The Federal Communications Commission is arguably the federal government's least-loved and geekiest body. 30 seconds of talk about rural broadband deployments and spectrum allocation is enough to send most people running from the room. But don't be fooled: the FCC wields a huge amount of power over one of the nation's most critical pieces of infrastructure, and right now, it's a mess.
The hot-topic issue in the FCC is net neutrality. We're not going to try and rehash the argument right now, but in a nutshell, Trump-appointed commissioner Ajit Pai is moving to roll back rules that allow the FCC to enforce net neutrality rules on internet service providers. Net neutrality is bad for the bottom line of internet providers, since it prevents them from using the regional monopoly power that they have to rip off customers.
Pai has given lip service to being in favor of net neutrality — he wants a gentleman's agreement with the ISPs to uphold the "spirit" of net neutrality — but he's working to dismantle the framework that allows the FCC to make and enforce rules to protect net neutrality. Pai, a former Verizon lawyer, claims (falsely) that net neutrality hurts investment by ISPs, and that the magic free hand of capitalism will protect consumers anyway (it won't).
But the FCC's anti-consumer agenda doesn't end at net neutrality.

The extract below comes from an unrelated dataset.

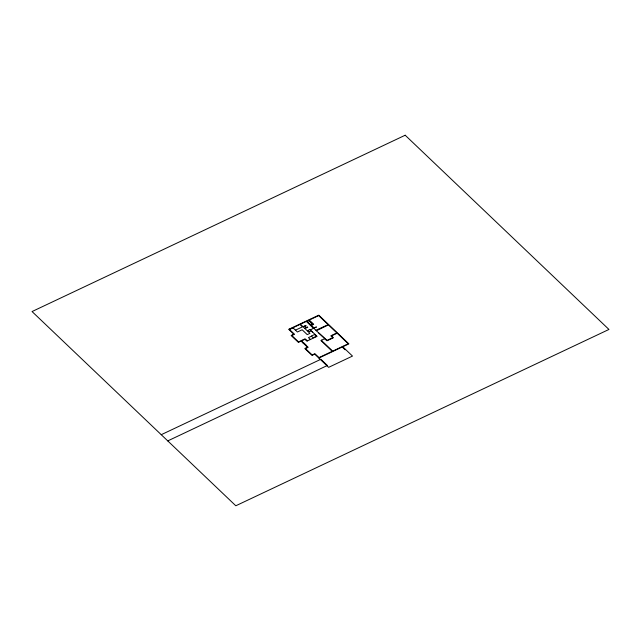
<?xml version="1.0" encoding="UTF-8"?>
<svg xmlns="http://www.w3.org/2000/svg" width="641" height="641" viewBox="0 0 641 641"><rect width="100%" height="100%" fill="white"/><g stroke="black" fill="none" stroke-linecap="round" stroke-linejoin="round"><path stroke-width="0.96" d="M305.861 325.54L305.412 326.598L303.962 326.437M289.403 329.402L308.858 320.244L313.04 324.234L310.54 325.412M289.484 329.498L292.945 327.863M295.389 330.187L302.512 326.822L300.004 324.426M315.885 330.243L328.16 324.642L318.673 315.604L309.242 320.059L313.705 324.314L311.39 325.404L313.906 327.799L316.494 326.974L310.332 329.883L317.095 336.333L306.895 341.148L304.94 339.289L301.47 340.924L308.169 347.31L305.469 348.576L312.167 354.962L314.859 353.688L318.97 357.606L332.254 351.324L320.893 340.499L324.739 338.68L313.794 328.248M312.632 332.078L310.957 331.028L309.563 331.685L308.553 330.724L307.64 331.157L309.94 333.352L307.239 334.626L302.151 329.77L297.44 332.006L292.6 327.527M316.422 330.748L328.432 324.907L336.87 332.943L330.804 335.812L332.759 337.671L327.078 340.355L318.513 332.743M311.486 336.196L308.465 337.623L310.42 339.482M303.041 342.967L303.522 342.743L306.029 345.13L305.549 345.363M318.865 358.055L348.896 343.864L318.785 315.156L288.746 329.346L293.842 334.201L291.142 335.475L298.394 342.382L301.086 341.108L307.504 347.222L304.804 348.496L312.055 355.402L314.755 354.128L328.625 367.357L352.494 356.075L342.735 346.773M343.352 347.358L342.871 347.59L345.122 349.73L345.603 349.505M161.244 434.694L320.861 359.272L327.375 365.474L167.758 440.904M305.917 325.676L304.459 325.692L303.954 326.606M343.015 347.534L345.243 349.657M306.358 321.429L313.505 328.384M324.626 338.736L326.974 340.804L333.424 337.759L331.469 335.9L337.15 333.216L348.231 343.776L332.639 351.148L321.558 340.579L321.734 340.099M310.621 329.746L309.843 329.418L307.36 330.892L304.852 328.496L307.752 327.423L307.456 326.87L304.571 328.232L300.389 324.25M307.528 340.852L305.044 338.841L298.498 341.933L291.807 335.555L294.499 334.281L289.131 329.17M307.456 321.277L307.488 321.494A23.212 15.993 2.9 0 0 310.765 324.65L312.183 323.985A23.212 15.993 2.9 0 0 308.978 320.788L308.609 320.708A4.655 3.213 2.9 0 0 308.041 320.941A4.976 3.421 2.9 0 0 307.504 321.229L307.456 321.277M405.184 135.227L32.05 311.55L235.816 505.773L608.95 329.45L405.184 135.227M314.619 334.514L311.342 336.06L313.161 337.791L316.43 336.245L314.619 334.514"/></g></svg>

In recent days, the commission has considered redefining "high-speed" broadband at a lower speed — 10Mbps, to be specific, down from the 25Mbps it's currently at. Doing so would overnight make the US's internet market look a lot better.
Right now, 80% of Americans have only one option for high-speed broadband at home, assuming they have any choice at all. That's because for most people, the only high-speed option is the cable network, and as you well know, most people don't have a choice of cable provider.
But alongside the cable line running into your house, there's also normally a copper telephone line. It's possible to get ADSL internet speeds of up to 10Mbps over a phone line, which means that if you redefine "high-speed" as 10Mbps, many more Americans will overnight get a second option for high-speed internet.
Expect President Trump to crow about how more Americans than ever before have access to high-speed internet in the coming days.
Then, there's the FCC's new advisory panel. As The Daily Beast notes, Pai has filled the 30-person Broadband Deployment Advisory Committee (BDAC) with 28 reps from telecoms companies, and just two from local cities. The committee was supposed to work out how cities and companies can work together best to deploy high-speed wireless internet; instead, it will likely be a list of telecoms industry wishes that the FCC will use its power to push through local government.
This isn't how it's supposed to work. Without wanting to wave the hammer and sickle while singing Les Mis, internet service providers are using valuable public resources — our roads, airwaves, and federal subsidies — to provide a valuable service. The FCC is supposed to regulate those services and ensure that our scarce resources are being used optimally, not work out how to best maximise profits for a handful of gargantuan corporations. You can guess which the current FCC is doing.